Gracias a la seguridad social de este país, a Juan- el grande- lo operaron hace 2 meses. Y esta semana le encendieron el implante. Le habían advertido que aquello sonaría durísimo. Le dijeron que tal vez se asustaría un poco. Que tanta conmoción le daría dolor de cabeza. Que todavía faltaría un año para poder hablar como los otros chiquillos y para ir a otras escuelas. Que había que hacer caso, tomar las pastillas, practicar todos los días. Juan- el grande- no le merma. Explicó que estaba listo para todo. Que él lo que quería era escuchar.
Primero pidió que le subieran todo el volumen porque quería escuchar todo, to-do, TODO. Luego se sorprendió al escuchar un sonido y le preguntó al médico qué era eso que sonaba así tan vacilón:
– “Sos vos, riéndote”- le dijo el doctor
– “Así me río yo?”- preguntó Juan el grande
– “Sí, esas son tus risas”
Y Juan, el Grande, siguió riéndose y con cada risa le daba más risa y no paraba de carcajearse.

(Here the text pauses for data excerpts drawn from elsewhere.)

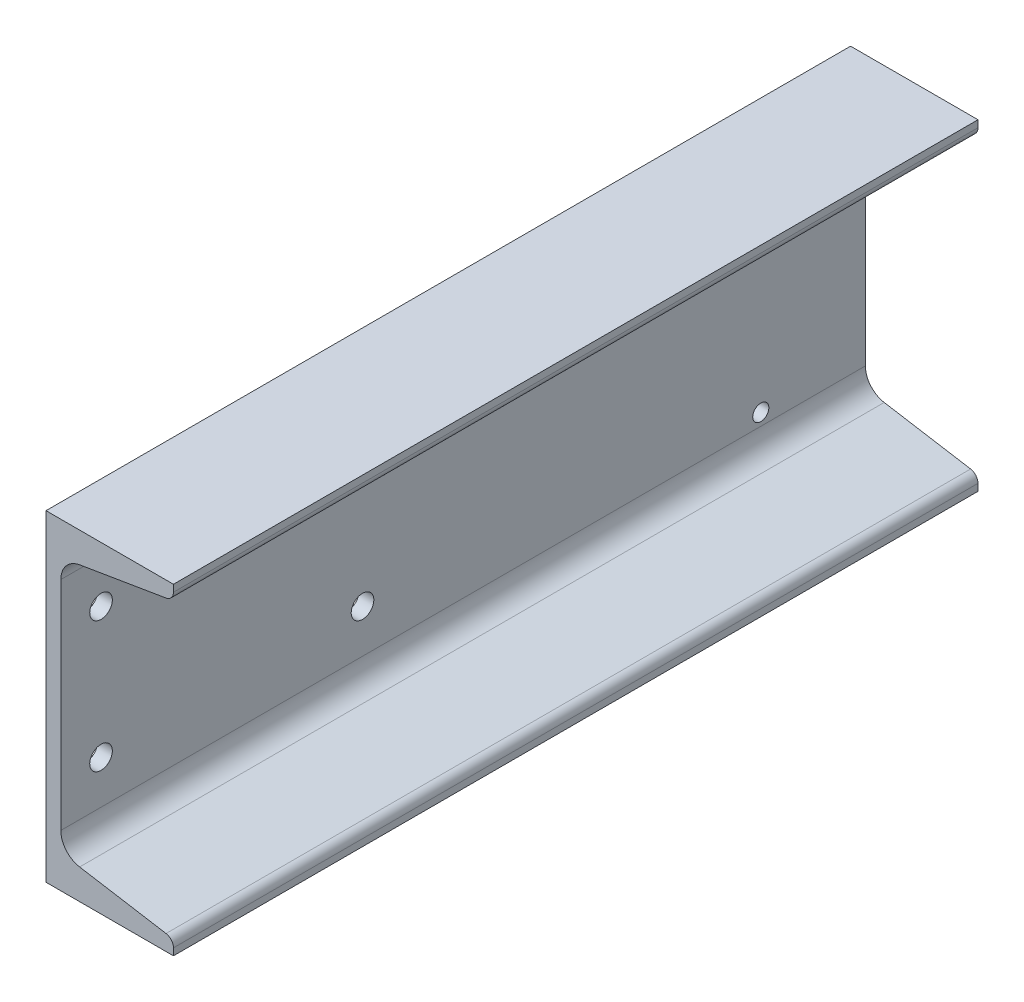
ISO-10303-21;
HEADER;
FILE_DESCRIPTION(('STEP AP214'),'2;1');
FILE_NAME('part.step','',(''),(''),'','','');
FILE_SCHEMA(('AUTOMOTIVE_DESIGN { 1 0 10303 214 1 1 1 1 }'));
ENDSEC;
DATA;
#1=APPLICATION_CONTEXT('core data for automotive mechanical design processes');
#2=APPLICATION_PROTOCOL_DEFINITION('international standard','automotive_design',2000,#1);
#3=PRODUCT_CONTEXT('',#1,'mechanical');
#4=PRODUCT('Part','Part','',(#3));
#5=PRODUCT_RELATED_PRODUCT_CATEGORY('part','',(#4));
#6=PRODUCT_DEFINITION_FORMATION('','',#4);
#7=PRODUCT_DEFINITION_CONTEXT('part definition',#1,'design');
#8=PRODUCT_DEFINITION('design','',#6,#7);
#9=PRODUCT_DEFINITION_SHAPE('','',#8);
#10=(LENGTH_UNIT() NAMED_UNIT(*) SI_UNIT(.MILLI.,.METRE.));
#11=(NAMED_UNIT(*) PLANE_ANGLE_UNIT() SI_UNIT($,.RADIAN.));
#12=(NAMED_UNIT(*) SI_UNIT($,.STERADIAN.) SOLID_ANGLE_UNIT());
#13=UNCERTAINTY_MEASURE_WITH_UNIT(LENGTH_MEASURE(1.E-05),#10,'distance_accuracy_value','');
#14=(GEOMETRIC_REPRESENTATION_CONTEXT(3) GLOBAL_UNCERTAINTY_ASSIGNED_CONTEXT((#13)) GLOBAL_UNIT_ASSIGNED_CONTEXT((#10,
#11,#12)) REPRESENTATION_CONTEXT('',''));
#15=CARTESIAN_POINT('',(0.,0.,0.));
#16=DIRECTION('',(0.,0.,1.));
#17=DIRECTION('',(1.,0.,0.));
#18=AXIS2_PLACEMENT_3D('',#15,#16,#17);
#19=CARTESIAN_POINT('',(0.,0.35199420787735,254.));
#20=DIRECTION('',(0.,1.,0.));
#21=DIRECTION('',(-1.,0.,0.));
#22=AXIS2_PLACEMENT_3D('',#19,#20,#21);
#23=PLANE('',#22);
#24=DIRECTION('',(1.,0.,0.));
#25=VECTOR('',#24,1.);
#26=CARTESIAN_POINT('',(0.,0.35199420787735,0.));
#27=LINE('',#26,#25);
#28=CARTESIAN_POINT('',(0.,0.35199420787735,0.));
#29=VERTEX_POINT('',#28);
#30=CARTESIAN_POINT('',(40.2336,0.351994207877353,0.));
#31=VERTEX_POINT('',#30);
#32=EDGE_CURVE('E120',#29,#31,#27,.T.);
#33=ORIENTED_EDGE('',*,*,#32,.T.);
#34=DIRECTION('',(0.,0.,-1.));
#35=VECTOR('',#34,1.);
#36=CARTESIAN_POINT('',(40.2336,0.351994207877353,254.));
#37=LINE('',#36,#35);
#38=CARTESIAN_POINT('',(40.2336,0.351994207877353,254.));
#39=VERTEX_POINT('',#38);
#40=EDGE_CURVE('E11',#39,#31,#37,.T.);
#41=ORIENTED_EDGE('',*,*,#40,.F.);
#42=DIRECTION('',(1.,0.,0.));
#43=VECTOR('',#42,1.);
#44=CARTESIAN_POINT('',(0.,0.35199420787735,254.));
#45=LINE('',#44,#43);
#46=CARTESIAN_POINT('',(0.,0.35199420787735,254.));
#47=VERTEX_POINT('',#46);
#48=EDGE_CURVE('E160',#47,#39,#45,.T.);
#49=ORIENTED_EDGE('',*,*,#48,.F.);
#50=DIRECTION('',(0.,0.,-1.));
#51=VECTOR('',#50,1.);
#52=CARTESIAN_POINT('',(0.,0.35199420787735,254.));
#53=LINE('',#52,#51);
#54=EDGE_CURVE('E133',#47,#29,#53,.T.);
#55=ORIENTED_EDGE('',*,*,#54,.T.);
#56=EDGE_LOOP('',(#33,#41,#49,#55));
#57=FACE_BOUND('',#56,.T.);
#58=ADVANCED_FACE('F28',(#57),#23,.F.);
#59=CARTESIAN_POINT('',(40.2336,0.351994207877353,254.));
#60=DIRECTION('',(-1.,0.,0.));
#61=DIRECTION('',(0.,0.,1.));
#62=AXIS2_PLACEMENT_3D('',#59,#60,#61);
#63=PLANE('',#62);
#64=DIRECTION('',(0.,1.,0.));
#65=VECTOR('',#64,1.);
#66=CARTESIAN_POINT('',(40.2336,0.351994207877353,0.));
#67=LINE('',#66,#65);
#68=CARTESIAN_POINT('',(40.2336,2.54,0.));
#69=VERTEX_POINT('',#68);
#70=EDGE_CURVE('E116',#31,#69,#67,.T.);
#71=ORIENTED_EDGE('',*,*,#70,.T.);
#72=DIRECTION('',(0.,0.,-1.));
#73=VECTOR('',#72,1.);
#74=CARTESIAN_POINT('',(40.2336,2.54,254.));
#75=LINE('',#74,#73);
#76=CARTESIAN_POINT('',(40.2336,2.54,254.));
#77=VERTEX_POINT('',#76);
#78=EDGE_CURVE('E35',#77,#69,#75,.T.);
#79=ORIENTED_EDGE('',*,*,#78,.F.);
#80=DIRECTION('',(0.,1.,0.));
#81=VECTOR('',#80,1.);
#82=CARTESIAN_POINT('',(40.2336,0.351994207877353,254.));
#83=LINE('',#82,#81);
#84=EDGE_CURVE('E129',#39,#77,#83,.T.);
#85=ORIENTED_EDGE('',*,*,#84,.F.);
#86=ORIENTED_EDGE('',*,*,#40,.T.);
#87=EDGE_LOOP('',(#71,#79,#85,#86));
#88=FACE_BOUND('',#87,.T.);
#89=ADVANCED_FACE('F128',(#88),#63,.F.);
#90=CARTESIAN_POINT('',(37.4396,2.54,254.));
#91=DIRECTION('',(0.,0.,-1.));
#92=DIRECTION('',(-1.,0.,0.));
#93=AXIS2_PLACEMENT_3D('',#90,#91,#92);
#94=CYLINDRICAL_SURFACE('',#93,2.794);
#95=CARTESIAN_POINT('',(37.4396,2.54,0.));
#96=DIRECTION('',(0.,0.,1.));
#97=DIRECTION('',(1.,0.,0.));
#98=AXIS2_PLACEMENT_3D('',#95,#96,#97);
#99=CIRCLE('',#98,2.794);
#100=CARTESIAN_POINT('',(37.8989633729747,5.29597918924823,0.));
#101=VERTEX_POINT('',#100);
#102=EDGE_CURVE('E122',#69,#101,#99,.T.);
#103=ORIENTED_EDGE('',*,*,#102,.T.);
#104=DIRECTION('',(0.,0.,-1.));
#105=VECTOR('',#104,1.);
#106=CARTESIAN_POINT('',(37.8989633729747,5.29597918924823,254.));
#107=LINE('',#106,#105);
#108=CARTESIAN_POINT('',(37.8989633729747,5.29597918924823,254.));
#109=VERTEX_POINT('',#108);
#110=EDGE_CURVE('E206',#109,#101,#107,.T.);
#111=ORIENTED_EDGE('',*,*,#110,.F.);
#112=CARTESIAN_POINT('',(37.4396,2.54,254.));
#113=DIRECTION('',(0.,0.,1.));
#114=DIRECTION('',(1.,0.,0.));
#115=AXIS2_PLACEMENT_3D('',#112,#113,#114);
#116=CIRCLE('',#115,2.794);
#117=EDGE_CURVE('E163',#77,#109,#116,.T.);
#118=ORIENTED_EDGE('',*,*,#117,.F.);
#119=ORIENTED_EDGE('',*,*,#78,.T.);
#120=EDGE_LOOP('',(#103,#111,#118,#119));
#121=FACE_BOUND('',#120,.T.);
#122=ADVANCED_FACE('F210',(#121),#94,.T.);
#123=CARTESIAN_POINT('',(10.6163114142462,9.84341956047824,254.));
#124=DIRECTION('',(-0.164410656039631,-0.986391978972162,0.));
#125=DIRECTION('',(0.986391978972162,-0.164410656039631,0.));
#126=AXIS2_PLACEMENT_3D('',#123,#124,#125);
#127=PLANE('',#126);
#128=DIRECTION('',(-0.986391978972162,0.164410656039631,0.));
#129=VECTOR('',#128,1.);
#130=CARTESIAN_POINT('',(10.6163114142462,9.84341956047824,0.));
#131=LINE('',#130,#129);
#132=CARTESIAN_POINT('',(10.6163114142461,9.84341956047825,0.));
#133=VERTEX_POINT('',#132);
#134=EDGE_CURVE('E142',#101,#133,#131,.T.);
#135=ORIENTED_EDGE('',*,*,#134,.T.);
#136=DIRECTION('',(0.,0.,-1.));
#137=VECTOR('',#136,1.);
#138=CARTESIAN_POINT('',(10.6163114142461,9.84341956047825,254.));
#139=LINE('',#138,#137);
#140=CARTESIAN_POINT('',(10.6163114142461,9.84341956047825,254.));
#141=VERTEX_POINT('',#140);
#142=EDGE_CURVE('E203',#141,#133,#139,.T.);
#143=ORIENTED_EDGE('',*,*,#142,.F.);
#144=DIRECTION('',(-0.986391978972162,0.164410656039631,0.));
#145=VECTOR('',#144,1.);
#146=CARTESIAN_POINT('',(10.6163114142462,9.84341956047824,254.));
#147=LINE('',#146,#145);
#148=EDGE_CURVE('E165',#109,#141,#147,.T.);
#149=ORIENTED_EDGE('',*,*,#148,.F.);
#150=ORIENTED_EDGE('',*,*,#110,.T.);
#151=EDGE_LOOP('',(#135,#143,#149,#150));
#152=FACE_BOUND('',#151,.T.);
#153=ADVANCED_FACE('F218',(#152),#127,.F.);
#154=CARTESIAN_POINT('',(11.7856,16.8586393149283,254.));
#155=DIRECTION('',(0.,0.,-1.));
#156=DIRECTION('',(-1.,0.,0.));
#157=AXIS2_PLACEMENT_3D('',#154,#155,#156);
#158=CYLINDRICAL_SURFACE('',#157,7.112);
#159=CARTESIAN_POINT('',(11.7856,16.8586393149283,0.));
#160=DIRECTION('',(0.,0.,-1.));
#161=DIRECTION('',(1.,0.,0.));
#162=AXIS2_PLACEMENT_3D('',#159,#160,#161);
#163=CIRCLE('',#162,7.112);
#164=CARTESIAN_POINT('',(4.67360000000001,16.8586393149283,0.));
#165=VERTEX_POINT('',#164);
#166=EDGE_CURVE('E144',#133,#165,#163,.T.);
#167=ORIENTED_EDGE('',*,*,#166,.T.);
#168=DIRECTION('',(0.,0.,-1.));
#169=VECTOR('',#168,1.);
#170=CARTESIAN_POINT('',(4.67360000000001,16.8586393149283,254.));
#171=LINE('',#170,#169);
#172=CARTESIAN_POINT('',(4.67360000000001,16.8586393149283,254.));
#173=VERTEX_POINT('',#172);
#174=EDGE_CURVE('E200',#173,#165,#171,.T.);
#175=ORIENTED_EDGE('',*,*,#174,.F.);
#176=CARTESIAN_POINT('',(11.7856,16.8586393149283,254.));
#177=DIRECTION('',(0.,0.,-1.));
#178=DIRECTION('',(1.,0.,0.));
#179=AXIS2_PLACEMENT_3D('',#176,#177,#178);
#180=CIRCLE('',#179,7.112);
#181=EDGE_CURVE('E167',#141,#173,#180,.T.);
#182=ORIENTED_EDGE('',*,*,#181,.F.);
#183=ORIENTED_EDGE('',*,*,#142,.T.);
#184=EDGE_LOOP('',(#167,#175,#182,#183));
#185=FACE_BOUND('',#184,.T.);
#186=ADVANCED_FACE('F221',(#185),#158,.F.);
#187=CARTESIAN_POINT('',(4.6736,85.4453491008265,254.));
#188=DIRECTION('',(-1.,0.,0.));
#189=DIRECTION('',(0.,-1.,0.));
#190=AXIS2_PLACEMENT_3D('',#187,#188,#189);
#191=PLANE('',#190);
#192=CARTESIAN_POINT('',(4.6736,20.6719942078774,33.02));
#193=DIRECTION('',(-1.,0.,0.));
#194=DIRECTION('',(0.,-1.,0.));
#195=AXIS2_PLACEMENT_3D('',#192,#193,#194);
#196=CIRCLE('',#195,2.54);
#197=CARTESIAN_POINT('',(4.6736,18.1319942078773,33.02));
#198=VERTEX_POINT('',#197);
#199=EDGE_CURVE('E389',#198,#198,#196,.T.);
#200=ORIENTED_EDGE('',*,*,#199,.T.);
#201=EDGE_LOOP('',(#200));
#202=FACE_BOUND('',#201,.T.);
#203=CARTESIAN_POINT('',(4.6736,81.6319942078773,33.02));
#204=DIRECTION('',(-1.,0.,0.));
#205=DIRECTION('',(0.,-1.,0.));
#206=AXIS2_PLACEMENT_3D('',#203,#204,#205);
#207=CIRCLE('',#206,2.54);
#208=CARTESIAN_POINT('',(4.6736,79.0919942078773,33.02));
#209=VERTEX_POINT('',#208);
#210=EDGE_CURVE('E393',#209,#209,#207,.T.);
#211=ORIENTED_EDGE('',*,*,#210,.T.);
#212=EDGE_LOOP('',(#211));
#213=FACE_BOUND('',#212,.T.);
#214=CARTESIAN_POINT('',(4.6736,30.5017942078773,241.3));
#215=DIRECTION('',(-1.,0.,0.));
#216=DIRECTION('',(0.,-1.,0.));
#217=AXIS2_PLACEMENT_3D('',#214,#215,#216);
#218=CIRCLE('',#217,3.56870000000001);
#219=CARTESIAN_POINT('',(4.6736,26.9330942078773,241.3));
#220=VERTEX_POINT('',#219);
#221=EDGE_CURVE('E402',#220,#220,#218,.T.);
#222=ORIENTED_EDGE('',*,*,#221,.T.);
#223=EDGE_LOOP('',(#222));
#224=FACE_BOUND('',#223,.T.);
#225=CARTESIAN_POINT('',(4.6736,30.5017942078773,158.75));
#226=DIRECTION('',(-1.,0.,0.));
#227=DIRECTION('',(0.,-1.,0.));
#228=AXIS2_PLACEMENT_3D('',#225,#226,#227);
#229=CIRCLE('',#228,3.56870000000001);
#230=CARTESIAN_POINT('',(4.6736,26.9330942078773,158.75));
#231=VERTEX_POINT('',#230);
#232=EDGE_CURVE('E408',#231,#231,#229,.T.);
#233=ORIENTED_EDGE('',*,*,#232,.T.);
#234=EDGE_LOOP('',(#233));
#235=FACE_BOUND('',#234,.T.);
#236=CARTESIAN_POINT('',(4.6736,71.7767942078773,241.3));
#237=DIRECTION('',(-1.,0.,0.));
#238=DIRECTION('',(0.,-1.,0.));
#239=AXIS2_PLACEMENT_3D('',#236,#237,#238);
#240=CIRCLE('',#239,3.56870000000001);
#241=CARTESIAN_POINT('',(4.6736,68.2080942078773,241.3));
#242=VERTEX_POINT('',#241);
#243=EDGE_CURVE('E414',#242,#242,#240,.T.);
#244=ORIENTED_EDGE('',*,*,#243,.T.);
#245=EDGE_LOOP('',(#244));
#246=FACE_BOUND('',#245,.T.);
#247=CARTESIAN_POINT('',(4.6736,71.7767942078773,158.75));
#248=DIRECTION('',(-1.,0.,0.));
#249=DIRECTION('',(0.,-1.,0.));
#250=AXIS2_PLACEMENT_3D('',#247,#248,#249);
#251=CIRCLE('',#250,3.56870000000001);
#252=CARTESIAN_POINT('',(4.6736,68.2080942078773,158.75));
#253=VERTEX_POINT('',#252);
#254=EDGE_CURVE('E134',#253,#253,#251,.T.);
#255=ORIENTED_EDGE('',*,*,#254,.T.);
#256=EDGE_LOOP('',(#255));
#257=FACE_BOUND('',#256,.T.);
#258=DIRECTION('',(0.,1.,0.));
#259=VECTOR('',#258,1.);
#260=CARTESIAN_POINT('',(4.6736,85.4453491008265,0.));
#261=LINE('',#260,#259);
#262=CARTESIAN_POINT('',(4.67359999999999,85.4453491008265,0.));
#263=VERTEX_POINT('',#262);
#264=EDGE_CURVE('E146',#165,#263,#261,.T.);
#265=ORIENTED_EDGE('',*,*,#264,.T.);
#266=DIRECTION('',(0.,0.,-1.));
#267=VECTOR('',#266,1.);
#268=CARTESIAN_POINT('',(4.67359999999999,85.4453491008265,254.));
#269=LINE('',#268,#267);
#270=CARTESIAN_POINT('',(4.67359999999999,85.4453491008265,254.));
#271=VERTEX_POINT('',#270);
#272=EDGE_CURVE('E197',#271,#263,#269,.T.);
#273=ORIENTED_EDGE('',*,*,#272,.F.);
#274=DIRECTION('',(0.,1.,0.));
#275=VECTOR('',#274,1.);
#276=CARTESIAN_POINT('',(4.6736,85.4453491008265,254.));
#277=LINE('',#276,#275);
#278=EDGE_CURVE('E169',#173,#271,#277,.T.);
#279=ORIENTED_EDGE('',*,*,#278,.F.);
#280=ORIENTED_EDGE('',*,*,#174,.T.);
#281=EDGE_LOOP('',(#265,#273,#279,#280));
#282=FACE_BOUND('',#281,.T.);
#283=ADVANCED_FACE('F226',(#202,#213,#224,#235,#246,#257,#282),#191,.F.);
#284=CARTESIAN_POINT('',(11.7856,85.4453491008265,254.));
#285=DIRECTION('',(0.,0.,-1.));
#286=DIRECTION('',(-1.,0.,0.));
#287=AXIS2_PLACEMENT_3D('',#284,#285,#286);
#288=CYLINDRICAL_SURFACE('',#287,7.112);
#289=CARTESIAN_POINT('',(11.7856,85.4453491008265,0.));
#290=DIRECTION('',(0.,0.,-1.));
#291=DIRECTION('',(-1.,0.,0.));
#292=AXIS2_PLACEMENT_3D('',#289,#290,#291);
#293=CIRCLE('',#292,7.112);
#294=CARTESIAN_POINT('',(10.6163114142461,92.4605688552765,0.));
#295=VERTEX_POINT('',#294);
#296=EDGE_CURVE('E148',#263,#295,#293,.T.);
#297=ORIENTED_EDGE('',*,*,#296,.T.);
#298=DIRECTION('',(0.,0.,-1.));
#299=VECTOR('',#298,1.);
#300=CARTESIAN_POINT('',(10.6163114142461,92.4605688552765,254.));
#301=LINE('',#300,#299);
#302=CARTESIAN_POINT('',(10.6163114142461,92.4605688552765,254.));
#303=VERTEX_POINT('',#302);
#304=EDGE_CURVE('E194',#303,#295,#301,.T.);
#305=ORIENTED_EDGE('',*,*,#304,.F.);
#306=CARTESIAN_POINT('',(11.7856,85.4453491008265,254.));
#307=DIRECTION('',(0.,0.,-1.));
#308=DIRECTION('',(-1.,0.,0.));
#309=AXIS2_PLACEMENT_3D('',#306,#307,#308);
#310=CIRCLE('',#309,7.112);
#311=EDGE_CURVE('E171',#271,#303,#310,.T.);
#312=ORIENTED_EDGE('',*,*,#311,.F.);
#313=ORIENTED_EDGE('',*,*,#272,.T.);
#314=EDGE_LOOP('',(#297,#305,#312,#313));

Ahora le encienden el implante cuatro horas al día, para que se vaya adaptando poco a poco. Sale soplado al baño, porque se ha aguantado todo el día. Le encanta el ruido que hace al orinar.
Abre todos los tubos que se encuentra “Ah, así suena el agua!”. Está fascinado con el sonido de las cosas fluidas.
Dicen que ayer, después de abrir y cerrar todos los tubos de la casa, una y otra vez, preguntó:
“Mamá, a qué suena el mar?”
Las terapias de Juan son sumamente baratas. A veces perdemos, desde las torres de marfil, los centros corporativos, office centres, mallas, carros del año y forums, la percepción de las cosas. Una cena de muchos que conozco paga un mes de sus terapias. Una camisa. Una ida al super a comprar cosillas que no necesito. Un fin de semana de guaro. Cualquier cosa de esas que no necesito.
Lo peor que tiene esta brecha social que cada vez se ensancha más, se encueva más, se encierra más, y se hace más ciega; es que no nos permite ver que en la misma ciudad, hay gente a la que con muy poquito podemos ayudar. La escuela Centeno Güell, sus profesores y sus alumnos tienen una dignidad que ya se la desearían más de uno y por eso no andan pidiéndole nada a nadie. Pero están ahí y uno puede hacer algo por ellos, con muy poquito, con la garantía que todo se usará para bien, de forma clara y honesta.
Yo, cuando supe que se necesitaban equipos adicionales, llamé a mi amigo el Dr. Muppet, que es otorrino y le canjié 2 de esos almuerzos donde él siempre invita por unos audífonos FM que Juan el Grande necesita. Darle la noticia a la mamá de Juan el grande y poder decirle a los donadores que ella me dijo “Gracias” muy emocionada, me llena mucho más que el almuerzo popof en el restaurante escazuceño de moda.
Me muero de ganas de saber más de las aventuras de Juan el Grande, que quería escuchar para saber cómo sonaban los pájaros. A qué le sonará el sol, el viento, el beso.
Me lo imagino de pie en una playa, ante la inmensidad del agua y cerrando los ojos, para saborear mejor, en toda su intensidad, a qué suena el mar.